Edelman agreed that emerging countries will be able to grow and innovate faster using these technologies than the U.S. “An illustration is the telecom market,” Edelman said. “We’ve wired our country and when you go to other countries, you go from the 1800s to the 2000s. They skipped the 1900s because they didn’t bother wiring the nation. They went right to wireless. So they were able to adapt a lot faster than we can.”

 Another example he offered was the rise of mobile payments. Last year, he said, the U.S. had about about $600 million in mobile payments; China had $9 trillion. “The fact that they’ve lagged us for so long is becoming an advantage for them,” he said. “It’s another argument for global investing.”

Friedman added that one of the first blockchain projects Nasdaq implemented was with the government of Estonia. “We worked with the government and they basically digitized their entire economy. They put their entire economy into a digital format, including the I.D.s for all of their citizens, and so what they allowed us to do was latch into that system to create a proxy voting capability through the blockchain because of the fact that they had a perfect record of ownership of securities through their I.D. system, which then allowed us to be able to use that system to be able to show whether or not someone had voted for that proxy or not,” she said. “Now we are working with South Africa to do it, so we’re starting to use it in larger and larger economies because of the fact that the digitization of economies is occurring all over the world.”

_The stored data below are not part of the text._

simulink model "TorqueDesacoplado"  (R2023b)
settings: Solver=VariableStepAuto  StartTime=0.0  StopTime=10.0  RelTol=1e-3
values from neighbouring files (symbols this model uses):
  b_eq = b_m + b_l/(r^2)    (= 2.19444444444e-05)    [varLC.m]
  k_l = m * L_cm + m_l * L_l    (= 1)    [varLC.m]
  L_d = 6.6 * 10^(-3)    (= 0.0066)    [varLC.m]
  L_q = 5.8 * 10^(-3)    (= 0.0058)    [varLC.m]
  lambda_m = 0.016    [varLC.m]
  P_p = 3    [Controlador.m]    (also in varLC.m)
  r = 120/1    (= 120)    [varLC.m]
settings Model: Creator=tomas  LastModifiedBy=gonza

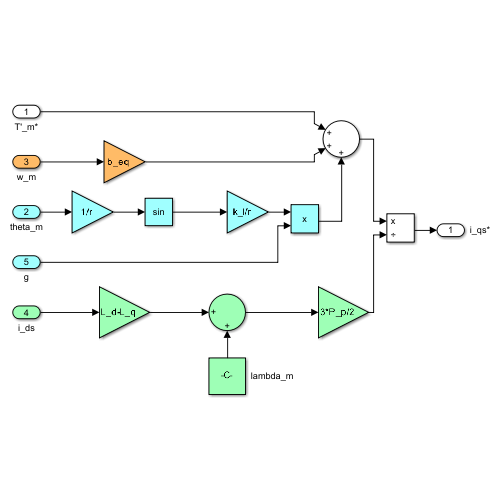
[thumbnail: Simulink's stored preview of the top-level diagram]
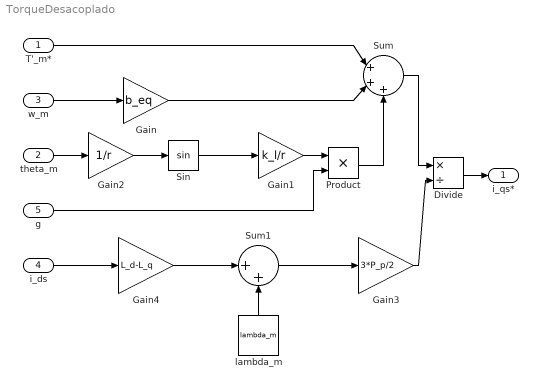
== system TorqueDesacoplado ==
  T'_m* : Inport
  theta_m : Inport  Port=2
  w_m : Inport  Port=3
  i_ds : Inport  Port=4
  g : Inport  Port=5
  Divide : Product  Inputs=*/
  Gain : Gain  Gain=b_eq
  Gain1 : Gain  Gain=k_l/r
  Gain2 : Gain  Gain=1/r
  Gain3 : Gain  Gain=3*P_p/2
  Gain4 : Gain  Gain=L_d-L_q
  Product : Product
  Sin : Trigonometry
  Sum : Sum  Inputs=|+++
  Sum1 : Sum  Inputs=|++
  lambda_m : Constant  Value=lambda_m
  i_qs* : Outport
  wires:
  Divide/1 -> i_qs*/1
  T'_m*/1 -> Sum/1
  w_m/1 -> Gain/1
  Gain/1 -> Sum/2
  Gain1/1 -> Product/1
  g/1 -> Product/2
  Product/1 -> Sum/3
  Sum/1 -> Divide/1
  Gain2/1 -> Sin/1
  theta_m/1 -> Gain2/1
  Sin/1 -> Gain1/1
  Gain3/1 -> Divide/2
  i_ds/1 -> Gain4/1
  Sum1/1 -> Gain3/1
  Gain4/1 -> Sum1/1
  lambda_m/1 -> Sum1/2
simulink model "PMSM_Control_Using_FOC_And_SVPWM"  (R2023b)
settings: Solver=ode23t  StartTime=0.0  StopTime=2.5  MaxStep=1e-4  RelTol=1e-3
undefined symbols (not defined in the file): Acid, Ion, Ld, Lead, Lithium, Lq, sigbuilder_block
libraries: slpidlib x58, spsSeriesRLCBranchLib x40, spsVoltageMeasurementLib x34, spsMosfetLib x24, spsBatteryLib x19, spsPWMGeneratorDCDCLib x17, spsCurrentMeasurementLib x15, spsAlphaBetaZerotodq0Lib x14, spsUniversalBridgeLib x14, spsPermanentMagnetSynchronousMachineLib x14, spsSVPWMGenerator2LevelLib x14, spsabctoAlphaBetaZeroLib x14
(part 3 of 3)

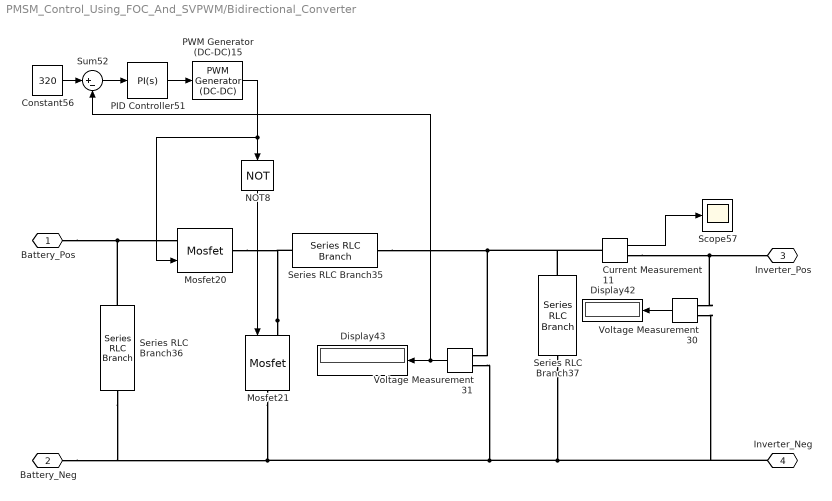
== system PMSM_Control_Using_FOC_And_SVPWM/Bidirectional_Converter ==
  Constant56 : Constant  Value=320
  Current Measurement11 : spsCurrentMeasurementLib/Current Measurement  PhasorSimulation=off  OutputType=Complex  PSBequivalent=0
  Display42 : Display
  Display43 : Display
  Mosfet20 : spsMosfetLib/Mosfet  Ron=0.1  Lon=0  Rd=0.01  Vfd=0  IC=0  Rs=1e5  Cs=inf  Measurements=off
  Mosfet21 : spsMosfetLib/Mosfet  Ron=0.1  Lon=0  Rd=0.01  Vfd=0  IC=0  Rs=1e5  Cs=inf  Measurements=off
  NOT8 : Logic  Operator=NOT  IconShape=distinctive  AllPortsSameDT=off  OutDataTypeStr=boolean
  PID Controller51 : slpidlib/PID Controller  Controller=PI  Form=Parallel  TimeDomain=Continuous-time  UseExternalTs=off  SampleTime=-1  IntegratorMethod=Forward Euler  FilterMethod=Forward Euler  ControllerParametersSource=internal  P=1  I=20  UseKiTs=off  D=0  N=100  UseFilter=on  TunerSelectOption=Transfer Function Based (PID Tuner App)  InitialConditionSource=internal  InitialConditionForIntegrator=0  InitialConditionForFilter=0  DifferentiatorICPrevScaledInput=0  ExternalReset=none  TrackingMode=off  Kt=1  LimitOutput=off  SatLimitsSource=internal  UpperSaturationLimit=inf  LowerSaturationLimit=-inf  LinearizeAsGain=on  AntiWindupMode=none  Kb=1  LimitIntegrator=off  UpperIntegratorSaturationLimit=inf  LowerIntegratorSaturationLimit=-inf  POutMin=[]  POutMax=[]  IOutMin=[]  IOutMax=[]  DOutMin=[]  DOutMax=[]  NOutMin=[]  NOutMax=[]  SumOutMin=[]  SumOutMax=[]  SaturationOutMin=[]  SaturationOutMax=[]  PParamMin=[]  PParamMax=[]  IParamMin=[]  IParamMax=[]  DParamMin=[]  DParamMax=[]  NParamMin=[]  NParamMax=[]  KbParamMin=[]  KbParamMax=[]  KtParamMin=[]  KtParamMax=[]  KbOutMin=[]  KbOutMax=[]  KtOutMin=[]  KtOutMax=[]  IntegratorOutMin=[]  IntegratorOutMax=[]  FilterOutMin=[]  FilterOutMax=[]  SumI1OutMin=[]  SumI1OutMax=[]  SumI2OutMin=[]  SumI2OutMax=[]  SumI3OutMin=[]  SumI3OutMax=[]  SumI4OutMin=[]  SumI4OutMax=[]  SumDOutMin=[]  SumDOutMax=[]  DifferentiatorOutMin=[]  DifferentiatorOutMax=[]  FilterDiffOutCoefMin=[]  FilterDiffOutCoefMax=[]  ReciprocalOutMin=[]  ReciprocalOutMax=[]  SumDenOutMin=[]  SumDenOutMax=[]  SumNumOutMin=[]  SumNumOutMax=[]  DivideOutMin=[]  DivideOutMax=[]  UdiffTsProdOutMin=[]  UdiffTsProdOutMax=[]  NTsProdOutMin=[]  NTsProdOutMax=[]  UintegralTsProdOutMin=[]  UintegralTsProdOutMax=[]  UngainTsProdOutMin=[]  UngainTsProdOutMax=[]  ClampingZeroOutDataTypeStr=Inherit: Inherit via back propagation  ClampingZeroOutMin=[]  ClampingZeroOutMax=[]  FilterDenConstantOutDataTypeStr=Inherit: Inherit via back propagation  FilterDenConstantOutMin=[]  FilterDenConstantOutMax=[]  PCopyOutDataTypeStr=Inherit: Inherit via back propagation  PCopyOutMin=[]  PCopyOutMax=[]  NCopyOutDataTypeStr=Inherit: Inherit via back propagation  NCopyOutMin=[]  NCopyOutMax=[]  IntegratorContinuousStateAttributes=''  IntegratorStateMustResolveToSignalObject=off  IntegratorRTWStateStorageClass=Auto  FilterContinuousStateAttributes=''  FilterStateMustResolveToSignalObject=off  FilterRTWStateStorageClass=Auto  ParallelPVariant=InternalParameters  IdealPVariant=Disabled  IVariant=InternalParameters  DVariant=Disabled  IntegratorVariant=Continuous  SatVariant=Disabled  AWVariant=Passthrough  PCopyVariant=Disabled  TRVariant=Disabled  FdbkBlocksVariant=Forward  IdealPFdbkVariant=Disabled  SatFdbkVariant=Disabled  DerivativeFilterVariant=Disabled  NVariant=Disabled  NCopyVariant=Disabled_SignalSpec  FilterICVariant=Disabled  IntegratorICVariant=InternalICs  ExternalResetVariant=Disabled  TRSumVariant=Passthrough  SumFdbkVariant=Disabled  SumVariant=Sum_PI  TsampFilterVariant=InternalTs  TsampNgainVariant=Passthrough  TsampIntegralVariant=Disabled_SignalSpec  ExternalSaturationOutDataTypeStr=Inherit: Same as second input
  PWM Generator (DC-DC)15 : spsPWMGeneratorDCDCLib/PWM Generator (DC-DC)  Fsw=5000  Ts=0
  Scope57 : Scope
  Series RLC Branch35 : spsSeriesRLCBranchLib/Series RLC Branch  LConnTagsString=__new0  RConnTagsString=__new0  BranchType=L  Resistance=0.0001  Inductance=1e-3  SetiL0=off  InitialCurrent=0  Capacitance=1000e-6  Setx0=off  InitialVoltage=0  Measurements=None
  Series RLC Branch36 : spsSeriesRLCBranchLib/Series RLC Branch  LConnTagsString=__new0  RConnTagsString=__new0  BranchType=RC  Resistance=0.0001  Inductance=1e-3  SetiL0=off  InitialCurrent=0  Capacitance=1000e-6  Setx0=off  InitialVoltage=0  Measurements=None
  Series RLC Branch37 : spsSeriesRLCBranchLib/Series RLC Branch  LConnTagsString=__new0  RConnTagsString=__new0  BranchType=RC  Resistance=0.01  Inductance=1e-3  SetiL0=off  InitialCurrent=0  Capacitance=1e-3  Setx0=off  InitialVoltage=0  Measurements=None
  Sum52 : Sum  Inputs=|+-
  Voltage Measurement30 : spsVoltageMeasurementLib/Voltage Measurement  PhasorSimulation=off  OutputType=Complex  PSBequivalent=0
  Voltage Measurement31 : spsVoltageMeasurementLib/Voltage Measurement  PhasorSimulation=off  OutputType=Complex  PSBequivalent=0
  Battery_Pos : PMIOPort  Side=Left
  Battery_Neg : PMIOPort  Port=2  Side=Left
  Inverter_Pos : PMIOPort  Port=3  Side=Right
  Inverter_Neg : PMIOPort  Port=4  Side=Right
  wires:
  PID Controller51/1 -> PWM Generator (DC-DC)15/1
  Current Measurement11/1 -> Scope57/1
  Constant56/1 -> Sum52/1
  Sum52/1 -> PID Controller51/1
  PWM Generator (DC-DC)15/1 -> Mosfet20/1, NOT8/1
  NOT8/1 -> Mosfet21/1
  Voltage Measurement31/1 -> Sum52/2, Display43/1
  Voltage Measurement30/1 -> Display42/1
  connections:
  Mosfet21/LConn1 -- Series RLC Branch35/LConn1 -- Mosfet20/RConn1
  Series RLC Branch36/LConn1 -- Battery_Pos/RConn1 -- Mosfet20/LConn1
  Current Measurement11/RConn1 -- Voltage Measurement30/LConn1 -- Inverter_Pos/RConn1
  Voltage Measurement31/LConn1 -- Series RLC Branch37/LConn1 -- Current Measurement11/LConn1 -- Series RLC Branch35/RConn1
  Mosfet21/RConn1 -- Voltage Measurement30/LConn2 -- Inverter_Neg/RConn1 -- Series RLC Branch37/RConn1 -- Voltage Measurement31/LConn2 -- Battery_Neg/RConn1 -- Series RLC Branch36/RConn1

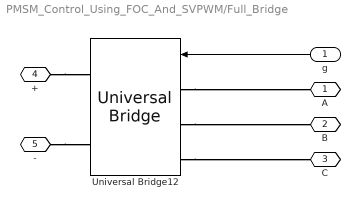
== system PMSM_Control_Using_FOC_And_SVPWM/Full_Bridge ==
  g : Inport
  Universal Bridge12 : spsUniversalBridgeLib/Universal Bridge  Arms=3  SnubberResistance=1e5  SnubberCapacitance=inf  Device=IGBT / Diodes  Ron=1e-3  Lon=0  ForwardVoltages="[  0  0  ]"  ForwardVoltage=0  GTOparameters=[ 10e-6 , 20e-6 ]  IGBTparameters=[ 1e-6 , 2e-6 ]  Measurements=None  Measurements_2=None  converterType=Rectifier
  A : PMIOPort  Side=Left
  B : PMIOPort  Port=2  Side=Left
  C : PMIOPort  Port=3  Side=Left
  + : PMIOPort  Port=4  Side=Right
  - : PMIOPort  Port=5  Side=Right
  wires:
  g/1 -> Universal Bridge12/1
  connections:
  Universal Bridge12/LConn1 -- A/RConn1
  +/RConn1 -- Universal Bridge12/RConn1
  Universal Bridge12/LConn2 -- B/RConn1
  Universal Bridge12/LConn3 -- C/RConn1
  -/RConn1 -- Universal Bridge12/RConn2

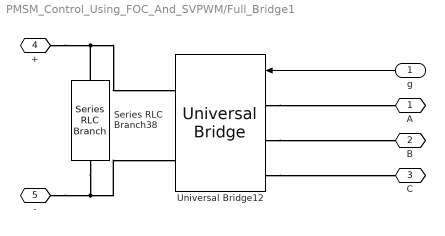
== system PMSM_Control_Using_FOC_And_SVPWM/Full_Bridge1 ==
  g : Inport
  Series RLC Branch38 : spsSeriesRLCBranchLib/Series RLC Branch  LConnTagsString=__new0  RConnTagsString=__new0  BranchType=RC  Resistance=0.01  Inductance=1e-3  SetiL0=off  InitialCurrent=0  Capacitance=1e-3  Setx0=off  InitialVoltage=0  Measurements=None
  Universal Bridge12 : spsUniversalBridgeLib/Universal Bridge  Arms=3  SnubberResistance=1e5  SnubberCapacitance=inf  Device=IGBT / Diodes  Ron=1e-3  Lon=0  ForwardVoltages="[  0  0  ]"  ForwardVoltage=0  GTOparameters=[ 10e-6 , 20e-6 ]  IGBTparameters=[ 1e-6 , 2e-6 ]  Measurements=None  Measurements_2=None  converterType=Rectifier
  A : PMIOPort  Side=Left
  B : PMIOPort  Port=2  Side=Left
  C : PMIOPort  Port=3  Side=Left
  + : PMIOPort  Port=4  Side=Right
  - : PMIOPort  Port=5  Side=Right
  wires:
  g/1 -> Universal Bridge12/1
  connections:
  Universal Bridge12/LConn1 -- A/RConn1
  +/RConn1 -- Series RLC Branch38/LConn1 -- Universal Bridge12/RConn1
  Universal Bridge12/LConn2 -- B/RConn1
  Universal Bridge12/LConn3 -- C/RConn1
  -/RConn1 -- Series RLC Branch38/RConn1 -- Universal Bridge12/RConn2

Friedman added Nasdaq is also working with organizations to use blockchain on the settlement of securities. “We’re working with a lot of companies where its either bilaterial, or a small ecosystem. It’s unregulated so you don’t have to deal with managing the regulatory side of it, but there’s a lot of inefficiency,” Friedman said. “That’s a great way to use and prove out the blockchain that shows its value, and you can bring it into the larger markets over time.”

Panelist Lex Sokolin, director of fintech strategy for Autonomous Research, added blockchain is not just a system for value transfers; it can be used to bring truth and prevent forgery with any object that has attributes of scarcity.

“You can do the same thing for any financial asset, for swords in a video game. You can do the same thing for virtual reality in houses, you can do the same thing for every single tree in a forest that now has it’s own identity … and now all of a sudden you’ve tokenized forests.”

“It’s very difficult to say here’s the end point,” he continued. “But the biggest mistake we can make today is to say, shut it down, it’s a fraud, it’s a scam, and that comes from a severe misunderstanding of what is actually happening in the world.”